Several reports have indicated that urinary miRNAs might be useful biomarkers for urological cancers and diseases [32,33,34]; however, a few studies showed urinary miRNAs as indicators of non-urological cancers including breast and pancreatic cancers [35, 36]. Only two studies have identified urinary miR-21-5p and miR-376c as diagnostic biomarkers of GC [18, 19]. Although these two studies raised the possibility of urinary miRNA as a GC biomarker, the utility of miR-21-5p and miR-376c remained unrealized due to the relatively small sample sizes and lack of independent validation of these preliminary results. Interestingly, neither urinary miR-21-5p nor miR-376c was detected in the urine of both patients with GC and HCs, for unknown reasons, in the current microarray analysis. This discrepancy may be due to differences in study scale, disease stage, and/or participant ethnicity.

Our current study included around 300 urine samples and consisted of a straightforward method comprising three independent phases: miR-6807-5p and miR-6856-5p were selected in the discovery cohort; a novel significant biomarker panel, including miR-6807-5p, miR-6856-5p, and H. pylori status, was established following multivariate analysis of the training cohort; the diagnostic potential of this biomarker panel was proven in the independent validation cohort. We, therefore, believe that the current study provides high-quality evidence.

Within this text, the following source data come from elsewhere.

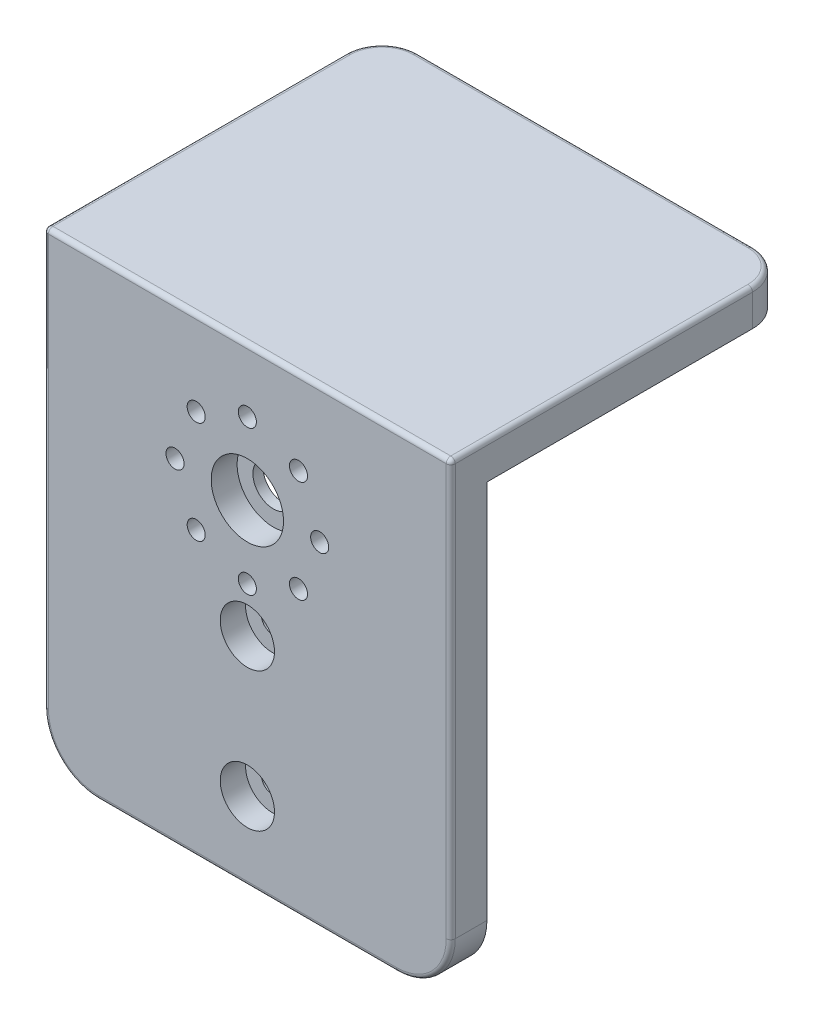
from build123d import *

# Parameters (mm, degrees)
BOSS_EXTRUDE1_DEPTH = 4
SKETCH2_W           = 45
SKETCH2_H           = 4
BOSS_EXTRUDE2_DEPTH = 48
SKETCH3_R           = 1.25
CUT_EXTRUDE1_DEPTH  = 63.645625546
FILLET1_R           = 6
FILLET2_R           = 0.5
SKETCH6_R           = 2.255
CUT_EXTRUDE2_DEPTH  = 63.645625582
SKETCH7_R           = 1
CUT_EXTRUDE3_DEPTH  = 63.645625582
SKETCH8_R           = 4
CUT_EXTRUDE4_DEPTH  = 2.87
SKETCH9_R           = 3
CUT_EXTRUDE5_DEPTH  = 2.8
SKETCH10_R          = 2
SKETCH10_R_2        = 1.95
BOSS_EXTRUDE3_DEPTH = 3


with BuildPart() as part:
    # Sketch1 → Boss-Extrude1 (new body)
    with BuildSketch(Plane(origin=(0, 0, 0), x_dir=(1, 0, 0), z_dir=(0, 1, 0))):
        with BuildLine():
            Line((-22.5, -16.69), (22.5, -16.69))
            Line((22.5, -16.69), (22.5, 16.69))
            ThreePointArc((22.5, 16.69), (21.328427125, 19.518427125), (18.5, 20.69))
            Line((18.5, 20.69), (-18.5, 20.69))
            ThreePointArc((-18.5, 20.69), (-21.328427125, 19.518427125), (-22.5, 16.69))
            Line((-22.5, 16.69), (-22.5, -16.69))
        make_face()
    extrude(amount=BOSS_EXTRUDE1_DEPTH)

    # Sketch2 → Boss-Extrude2 (add)
    with BuildSketch(Plane.XZ):
        with Locations((0, 14.69)):
            Rectangle(SKETCH2_W, SKETCH2_H)
    extrude(amount=BOSS_EXTRUDE2_DEPTH)

    # Sketch3 → Cut-Extrude1 (cut, through all)
    with BuildSketch(Plane(origin=(0, 0, 12.69), x_dir=(-1, 0, 0), z_dir=(0, 0, -1))):
        with Locations((0, -39.35)):
            Circle(SKETCH3_R)
        with Locations((0, -24)):
            Circle(SKETCH3_R)
    extrude(amount=-CUT_EXTRUDE1_DEPTH, mode=Mode.SUBTRACT)

    # Fillet1
    fillet1_edges = [part.edges().sort_by_distance(p)[0] for p in [
        (-22.5, -48, 14.69),
        (22.5, -48, 14.69),
    ]]
    fillet(fillet1_edges, radius=FILLET1_R)

    # Fillet2
    fillet2_edges = [part.edges().sort_by_distance(p)[0] for p in [
        (22.5, -19, 16.69),
        (-22.5, -19, 16.69),
        (22.5, 4, 0),
        (21.328427125, 4, -19.518427125),
        (0, 4, -20.69),
        (-21.328427125, 4, -19.518427125),
        (0, -48, 16.69),
        (-20.742640687, -46.242640687, 16.69),
        (20.742640687, -46.242640687, 16.69),
        (-22.5, 4, 0),
        (0, 4, 16.69),
    ]]
    fillet(fillet2_edges, radius=FILLET2_R)

    # Sketch6 → Cut-Extrude2 (cut, through all)
    with BuildSketch(Plane(origin=(0, 0, 12.69), x_dir=(-1, 0, 0), z_dir=(0, 0, -1))):
        with Locations((0, -11)):
            Circle(SKETCH6_R)
    extrude(amount=-CUT_EXTRUDE2_DEPTH, mode=Mode.SUBTRACT)

    # Sketch7 → Cut-Extrude3 (cut, through all)
    with BuildSketch(Plane(origin=(0, 0, 12.69), x_dir=(-1, 0, 0), z_dir=(0, 0, -1))):
        with Locations((0, -19)):
            Circle(SKETCH7_R)
        with Locations((-5.656854249, -16.656854249)):
            Circle(SKETCH7_R)
        with Locations((-8, -11)):
            Circle(SKETCH7_R)
        with Locations((-5.656854249, -5.343145751)):
            Circle(SKETCH7_R)
        with Locations((0, -3)):
            Circle(SKETCH7_R)
        with Locations((5.656854249, -5.343145751)):
            Circle(SKETCH7_R)
        with Locations((8, -11)):
            Circle(SKETCH7_R)
        with Locations((5.656854249, -16.656854249)):
            Circle(SKETCH7_R)
    extrude(amount=-CUT_EXTRUDE3_DEPTH, mode=Mode.SUBTRACT)

    # Sketch8 → Cut-Extrude4 (cut)
    with BuildSketch(Plane.XY.offset(16.69)):
        with Locations((0, -11)):
            Circle(SKETCH8_R)
    extrude(amount=-CUT_EXTRUDE4_DEPTH, mode=Mode.SUBTRACT)

    # Sketch9 → Cut-Extrude5 (cut)
    with BuildSketch(Plane.XY.offset(16.69)):
        with Locations((0, -24)):
            Circle(SKETCH9_R)
        with Locations((0, -39.35)):
            Circle(SKETCH9_R)
    extrude(amount=-CUT_EXTRUDE5_DEPTH, mode=Mode.SUBTRACT)

    # Sketch10 → Boss-Extrude3 (add)
    with BuildSketch(Plane.XZ):
        with Locations(Location((16.5, -16.17, 0), (0, 0, 90))):
            Circle(SKETCH10_R)
        with Locations(Location((16.5, -4.17, 0), (0, 0, 90))):
            Circle(SKETCH10_R_2)
    extrude(amount=BOSS_EXTRUDE3_DEPTH)


solid = part.part

The current study has a limitation. Future studies should elucidate the exact mechanisms between miRNAs and GC. However, consistent significant results of both miRNAs through all independent phases may produce strong evidence to support the use of these biomarkers for GC. Moreover, the GC cohort in this study featured many patients with early-stage GC: GCs more than 60% were stage I and most could be treated with endoscopic resection. The fact that a novel biomarker panel could detect very early-stage GC is a notable result of this investigation.

In conclusion, a novel biomarker panel consisting of urinary miR-6807-5p, miR-6856-5p, and H. pylori status enabled early and non-invasive detection of GC.